E l'Italia tutta li considerò dei malfattori.
In pochi si chiesero come mai quella struttura che esisteva anche in altri
Paesi della Nato, solo da noi era composta da
stragisti. Perché i leader cattolici e laici di indiscussa fede
antifascista che avevano saputo di Gladio, non avevano
detto nulla. Ma senza successo. Le persone il cui nome fu messo in
relazione a quella vicenda, si ritrovarono sole.
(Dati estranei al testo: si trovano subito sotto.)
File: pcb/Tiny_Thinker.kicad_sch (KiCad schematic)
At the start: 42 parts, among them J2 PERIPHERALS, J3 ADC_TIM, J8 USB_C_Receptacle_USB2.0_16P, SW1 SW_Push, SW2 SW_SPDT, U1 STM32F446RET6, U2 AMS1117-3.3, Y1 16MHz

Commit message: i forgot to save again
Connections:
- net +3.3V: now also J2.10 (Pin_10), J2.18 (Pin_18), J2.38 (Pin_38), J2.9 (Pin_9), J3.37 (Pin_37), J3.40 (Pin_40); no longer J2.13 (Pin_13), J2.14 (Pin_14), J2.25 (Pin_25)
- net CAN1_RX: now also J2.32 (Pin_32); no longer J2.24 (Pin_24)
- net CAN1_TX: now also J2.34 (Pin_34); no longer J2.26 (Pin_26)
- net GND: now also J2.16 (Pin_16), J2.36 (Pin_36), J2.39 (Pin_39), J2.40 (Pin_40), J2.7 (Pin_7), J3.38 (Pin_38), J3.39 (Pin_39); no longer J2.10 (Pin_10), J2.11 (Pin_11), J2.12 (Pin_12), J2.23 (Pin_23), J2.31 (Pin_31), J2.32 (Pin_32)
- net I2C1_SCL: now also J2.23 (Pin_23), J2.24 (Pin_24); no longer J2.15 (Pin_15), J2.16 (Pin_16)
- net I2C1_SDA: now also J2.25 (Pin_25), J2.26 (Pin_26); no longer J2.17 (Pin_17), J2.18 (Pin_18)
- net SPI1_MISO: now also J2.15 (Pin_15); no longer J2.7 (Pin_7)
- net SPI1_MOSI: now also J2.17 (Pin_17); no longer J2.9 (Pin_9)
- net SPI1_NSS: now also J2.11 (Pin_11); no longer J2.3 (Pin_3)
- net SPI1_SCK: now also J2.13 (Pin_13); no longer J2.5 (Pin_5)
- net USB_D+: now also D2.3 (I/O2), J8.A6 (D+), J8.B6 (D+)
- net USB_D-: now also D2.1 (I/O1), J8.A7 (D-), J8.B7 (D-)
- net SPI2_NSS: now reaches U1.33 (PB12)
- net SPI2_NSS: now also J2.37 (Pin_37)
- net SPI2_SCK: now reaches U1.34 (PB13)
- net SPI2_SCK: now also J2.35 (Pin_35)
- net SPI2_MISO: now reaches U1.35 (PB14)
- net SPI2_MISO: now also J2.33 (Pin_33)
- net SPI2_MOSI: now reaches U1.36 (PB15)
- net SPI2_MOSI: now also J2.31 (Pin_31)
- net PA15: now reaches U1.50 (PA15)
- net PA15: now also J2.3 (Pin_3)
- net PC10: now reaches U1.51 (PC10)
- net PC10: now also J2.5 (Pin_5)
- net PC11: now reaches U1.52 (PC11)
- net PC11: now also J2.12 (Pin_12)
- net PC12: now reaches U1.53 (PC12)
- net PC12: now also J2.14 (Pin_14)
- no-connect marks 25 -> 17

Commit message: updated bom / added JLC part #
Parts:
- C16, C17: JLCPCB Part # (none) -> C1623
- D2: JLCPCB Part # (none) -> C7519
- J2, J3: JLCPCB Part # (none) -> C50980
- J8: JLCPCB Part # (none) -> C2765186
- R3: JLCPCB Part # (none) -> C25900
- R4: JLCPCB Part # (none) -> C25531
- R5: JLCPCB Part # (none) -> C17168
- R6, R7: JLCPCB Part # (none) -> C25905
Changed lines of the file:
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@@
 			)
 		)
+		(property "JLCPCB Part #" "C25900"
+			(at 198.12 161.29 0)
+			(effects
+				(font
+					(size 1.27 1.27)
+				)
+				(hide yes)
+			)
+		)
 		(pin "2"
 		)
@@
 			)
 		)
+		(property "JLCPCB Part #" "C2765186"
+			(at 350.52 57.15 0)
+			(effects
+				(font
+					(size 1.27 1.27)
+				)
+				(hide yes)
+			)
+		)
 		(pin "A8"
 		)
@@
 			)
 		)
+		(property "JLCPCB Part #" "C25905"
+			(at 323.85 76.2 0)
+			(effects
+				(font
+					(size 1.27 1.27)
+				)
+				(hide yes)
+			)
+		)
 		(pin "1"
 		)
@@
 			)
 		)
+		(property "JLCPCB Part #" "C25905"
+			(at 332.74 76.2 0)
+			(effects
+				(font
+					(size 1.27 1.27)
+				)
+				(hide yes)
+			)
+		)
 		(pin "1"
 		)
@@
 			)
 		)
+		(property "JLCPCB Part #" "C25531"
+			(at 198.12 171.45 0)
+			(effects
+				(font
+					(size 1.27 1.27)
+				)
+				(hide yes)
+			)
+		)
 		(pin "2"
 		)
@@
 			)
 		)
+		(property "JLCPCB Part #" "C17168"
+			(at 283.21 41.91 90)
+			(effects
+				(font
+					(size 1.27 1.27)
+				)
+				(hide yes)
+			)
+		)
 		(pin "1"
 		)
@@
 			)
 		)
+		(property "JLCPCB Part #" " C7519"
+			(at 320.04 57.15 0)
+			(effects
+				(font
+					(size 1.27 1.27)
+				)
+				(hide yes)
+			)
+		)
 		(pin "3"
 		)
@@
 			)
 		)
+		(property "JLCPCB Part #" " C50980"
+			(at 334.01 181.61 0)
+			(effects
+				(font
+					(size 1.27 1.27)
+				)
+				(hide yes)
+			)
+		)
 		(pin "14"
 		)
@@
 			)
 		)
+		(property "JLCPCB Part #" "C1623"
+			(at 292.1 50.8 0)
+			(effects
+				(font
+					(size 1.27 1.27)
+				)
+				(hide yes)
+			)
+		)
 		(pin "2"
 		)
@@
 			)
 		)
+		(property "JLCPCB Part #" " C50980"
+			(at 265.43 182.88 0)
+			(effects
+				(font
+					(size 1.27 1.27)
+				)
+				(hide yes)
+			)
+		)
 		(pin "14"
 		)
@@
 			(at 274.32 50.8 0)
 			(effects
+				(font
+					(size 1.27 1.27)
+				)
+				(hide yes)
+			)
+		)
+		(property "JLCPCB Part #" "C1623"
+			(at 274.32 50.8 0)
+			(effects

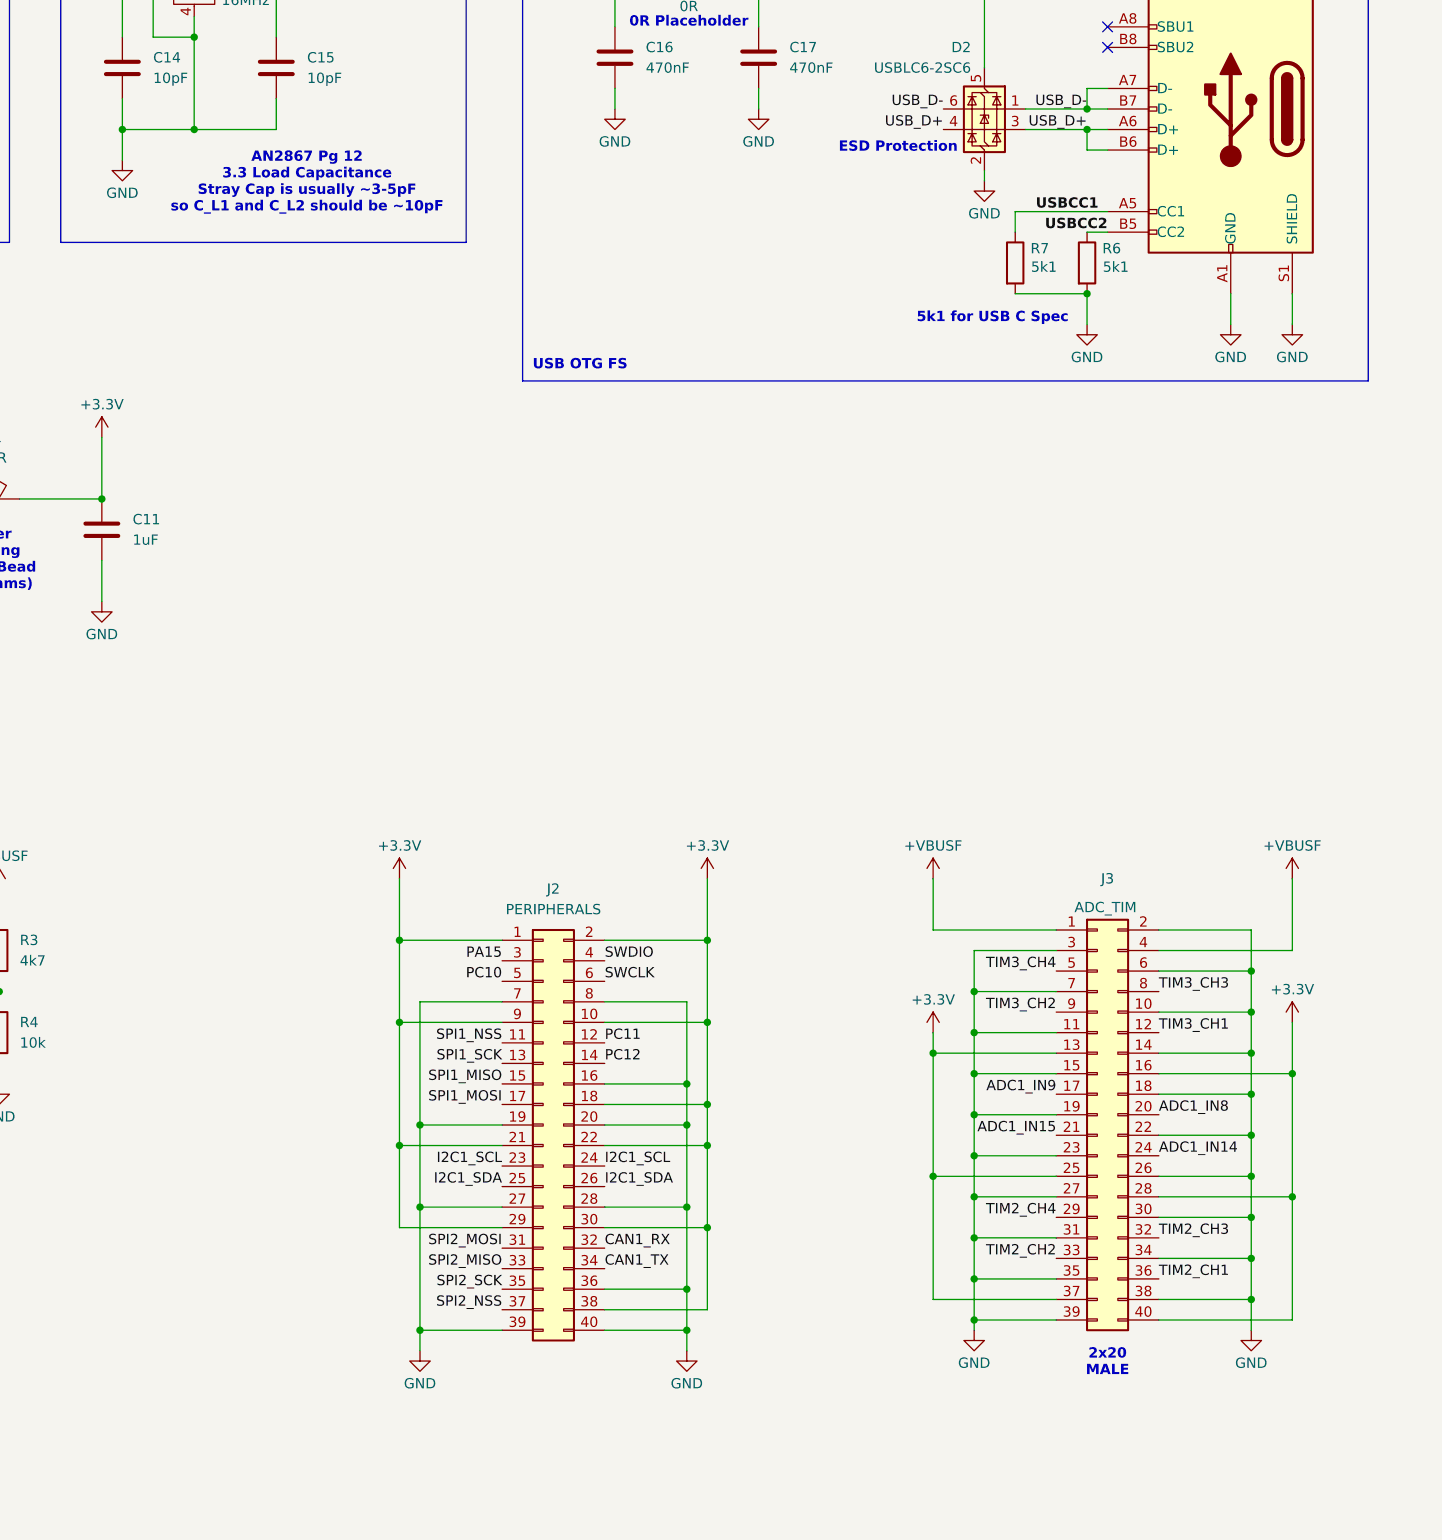
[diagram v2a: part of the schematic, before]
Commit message: Revised JLCPCB capabilities
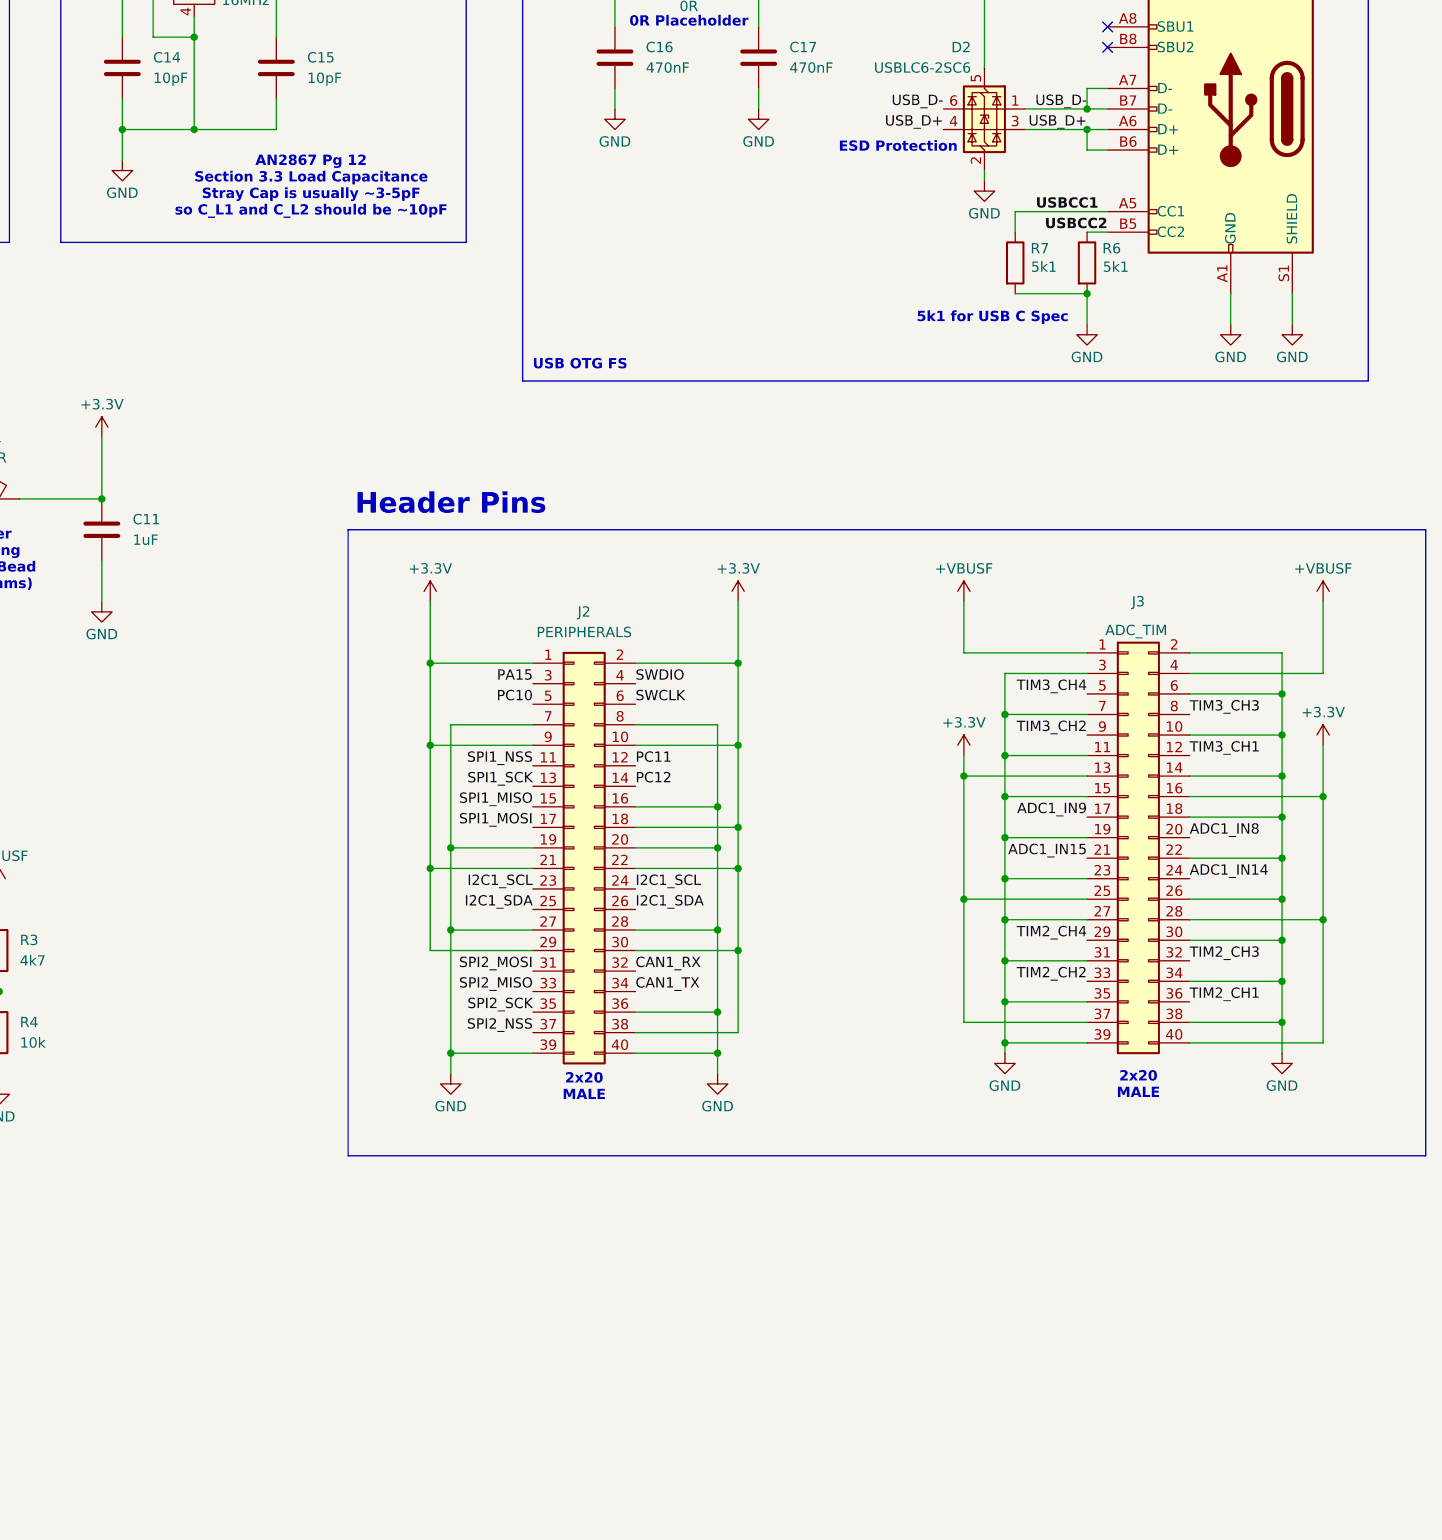
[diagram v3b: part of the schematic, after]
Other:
- note added: "AN2867 Pg 12 Section 3.3 Load Capacitance Stray Cap is usually ~3-5pF so C_L1 and C_L2 should be ~10pF"
- note added: "Header Pins"
- note removed: "AN2867 Pg 12 3.3 Load Capacitance Stray Cap is usually ~3-5pF so C_L1 and C_L2 should be ~10pF"
- moved on the sheet: J2, J3

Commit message: Added more comments
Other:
- note added: "0.6mA using 1.5k Resistor"
- note added: "3.3V - 2.4V = 0.9V 0.9V / 1.5k = 0.6mA"
- note added: "LED Datasheet Forward Voltage ~ 2.4V"
- note added: "try 470 Ohm"
- note removed: "2.2mA using 1.5k Resistor"
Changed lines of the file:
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@@
+		)
+	)
+	(text "try\n470 Ohm"
+		(exclude_from_sim no)
+		(at 191.516 52.578 0)
+		(effects
+			(font
+				(size 1.27 1.27)
+				(thickness 0.254)
+				(bold yes)
+			)
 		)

Nessuno o quasi fu disponibile a dar ascolto alla loro voce. Qualcosa di
simile - quantomeno per la sgradevolezza - è
capitato in questi giorni a Marisa Musu. Medaglia d'argento della
Resistenza, eroica gappista e poi dirigente del Pci, la
Musu è stata accusata di aver fatto parte di una rete di informatori dei
servizi segreti italiani da un'inchiesta del
giudice Carlo Mastelloni travasata - come ormai accade sempre più spesso -
in un libro ("Lo Stato invisibile" di Gianni
Cipriani, Sperling & Kupfer editore). Cipriani - precisiamo - è un autore
di sinistra, che da anni si occupa di questi
argomenti ed è assai apprezzato dalla sua parte politica. Quando Marisa
Musu ha saputo quel che le era capitato, è andata
su tutte le furie. «Il mio nome», ha dichiarato a "Liberazione" (l'unico
giornale che meritoriamente le ha dato ascolto),
è apparso in quell'inchiesta «senza peraltro che io sia mai stata
interpellata o interrogata». Peggio: ha saputo di quello
sgradevole inserimento in una lista di spie «solo a inchiesta chiusa e in
maniera del tutto casuale, da fonti
giornalistiche». «E' assurdo», protesta giustamente Marisa Musu, «che il
proprio nome venga inserito in un documento
giudiziario senza nessun atto di contestazione diretta e di comunicazione
ufficiale». Ma perché l'ex capo della Divisione
Affari Riservati, Federico Umberto D'Amato, scrisse quel nome sulle sue
carte? Mistero. D'Amato è morto. La Musu suppone
che «D'Amato potesse avere una reale fonte d'informazione e che per
coprirla abbia usato il mio nome». Oppure «che, non
avendo nessuna fonte, abbia usato il mio nominativo per giustificare fondi
destinati a un altro informatore o a qualche
funzionario dell'Ufficio stesso». Infine, l'ipotesi a cui lei crede
maggiormente, è che «D'Amato, uomo abile e vicino alle
trame nere, avesse architettato nel 1964 una manovra infamante contro il
Pci». Per infangare «il Partito comunista
italiano e la stessa memoria della Resistenza». Marisa Musu dice di essere
in preda all'indignazione. Per quel che vale,
lo sono anch'io. Non mi piace vivere in un Paese in cui possono accadere
cose del genere.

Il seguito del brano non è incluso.